Exactly as written, transcribe the data from its opening line through the line containing "## KiCad design CornellMarsRover/Spectrometer". Leave every picture out.

## Saved entries:
* * *

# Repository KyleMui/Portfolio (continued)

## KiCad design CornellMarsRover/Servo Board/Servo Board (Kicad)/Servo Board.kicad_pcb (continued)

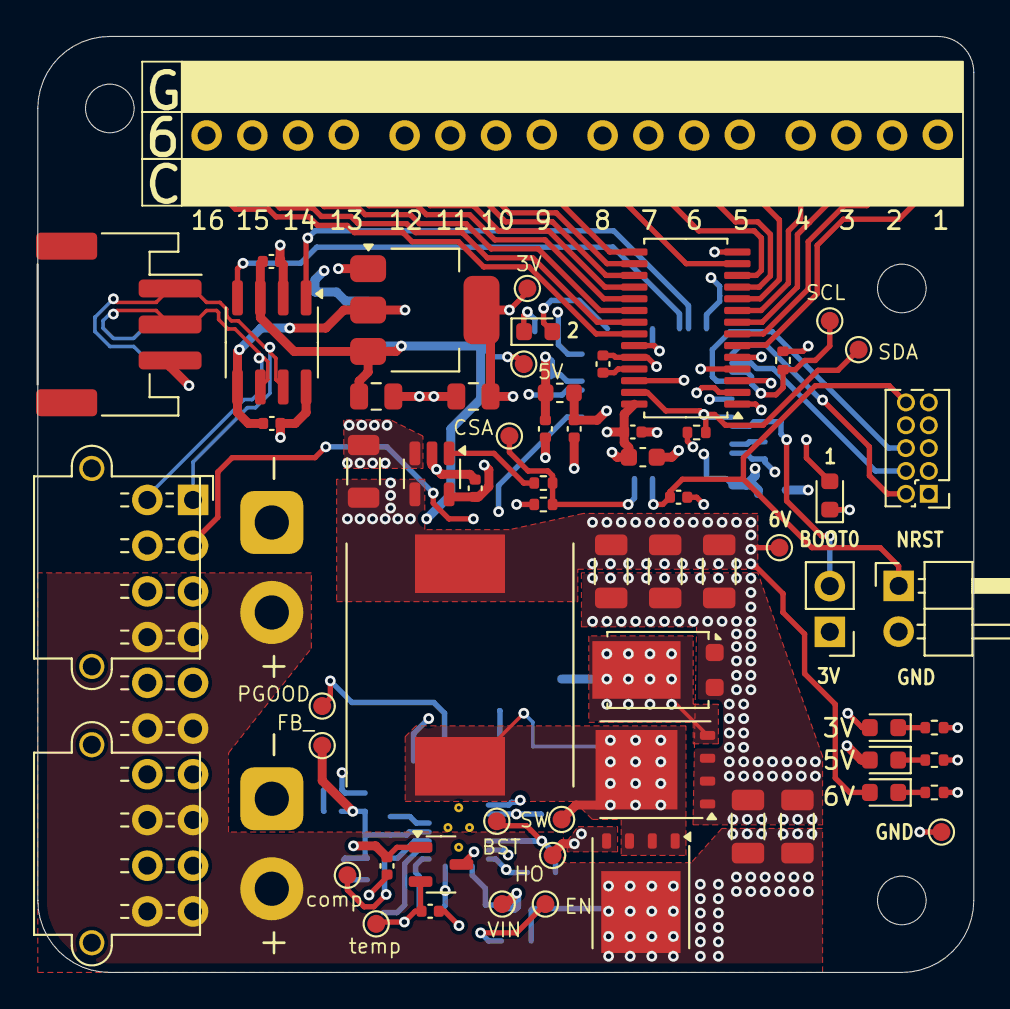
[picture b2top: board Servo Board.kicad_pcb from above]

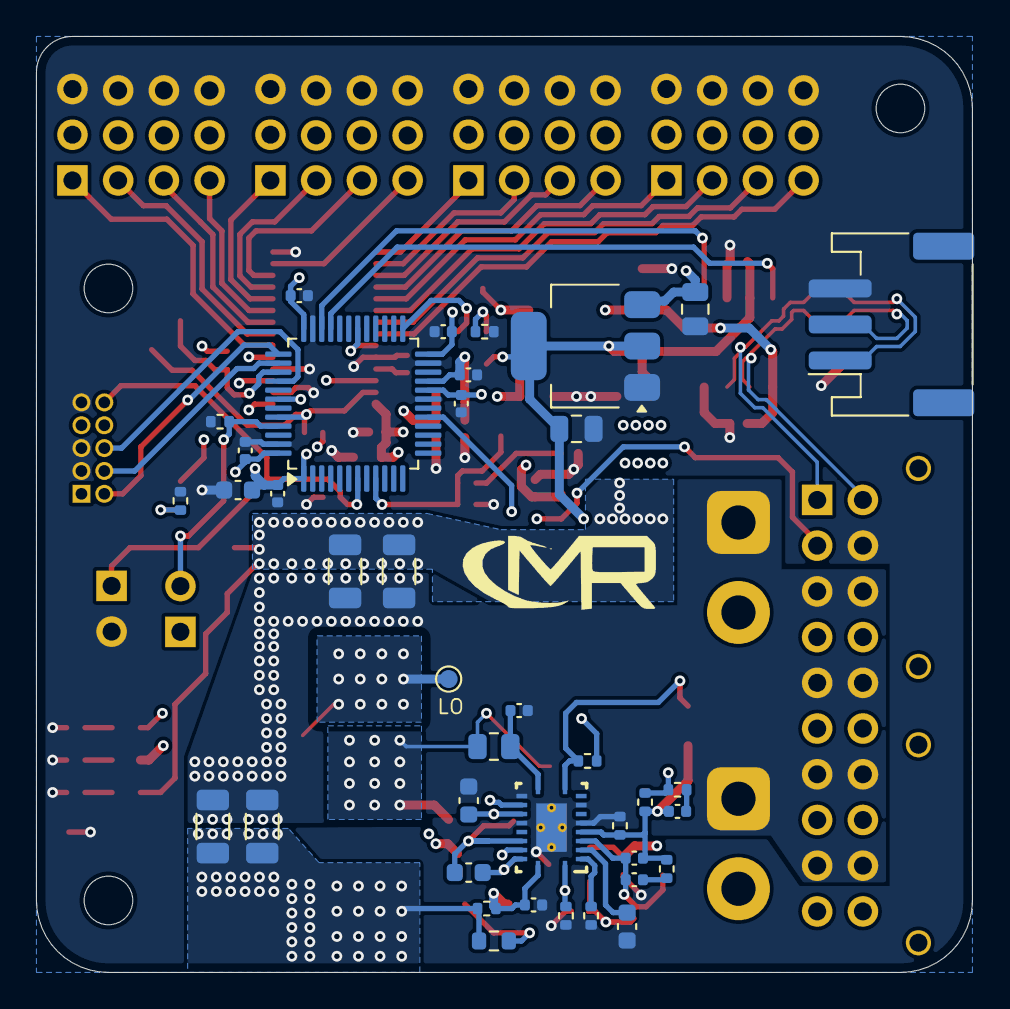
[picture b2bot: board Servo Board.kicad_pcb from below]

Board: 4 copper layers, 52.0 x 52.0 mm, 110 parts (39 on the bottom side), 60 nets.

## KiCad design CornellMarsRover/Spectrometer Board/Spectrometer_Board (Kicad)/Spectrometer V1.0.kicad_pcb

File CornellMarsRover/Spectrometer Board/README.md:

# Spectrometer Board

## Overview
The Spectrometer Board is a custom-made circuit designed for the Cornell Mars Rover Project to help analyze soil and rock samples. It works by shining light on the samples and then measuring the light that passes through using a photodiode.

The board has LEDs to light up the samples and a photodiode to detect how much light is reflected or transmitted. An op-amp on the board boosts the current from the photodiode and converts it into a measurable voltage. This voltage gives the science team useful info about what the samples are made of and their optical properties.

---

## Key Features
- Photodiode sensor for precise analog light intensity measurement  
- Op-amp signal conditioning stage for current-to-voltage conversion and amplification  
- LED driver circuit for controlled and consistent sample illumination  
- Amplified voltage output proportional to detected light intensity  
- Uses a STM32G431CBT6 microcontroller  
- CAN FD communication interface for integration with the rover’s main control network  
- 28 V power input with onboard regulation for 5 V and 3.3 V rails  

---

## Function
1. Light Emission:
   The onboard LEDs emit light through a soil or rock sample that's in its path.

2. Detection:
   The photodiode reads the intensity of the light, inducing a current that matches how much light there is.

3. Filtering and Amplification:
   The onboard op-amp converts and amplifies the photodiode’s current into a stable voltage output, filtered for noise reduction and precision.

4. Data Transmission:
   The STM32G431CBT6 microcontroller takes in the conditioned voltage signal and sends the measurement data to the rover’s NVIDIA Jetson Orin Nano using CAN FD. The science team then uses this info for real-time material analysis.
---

* * *

## SOLVED EXERCISE:
# Repository KyleMui/Portfolio (continued)

## KiCad design CornellMarsRover/Servo Board/Servo Board (Kicad)/Servo Board.kicad_pcb (continued)

[picture b2top: board Servo Board.kicad_pcb from above]

[picture b2bot: board Servo Board.kicad_pcb from below]

Board: 4 copper layers, 52.0 x 52.0 mm, 110 parts (39 on the bottom side), 60 nets.

## KiCad design CornellMarsRover/Spectrometer Board/Spectrometer_Board (Kicad)/Spectrometer V1.0.kicad_pcb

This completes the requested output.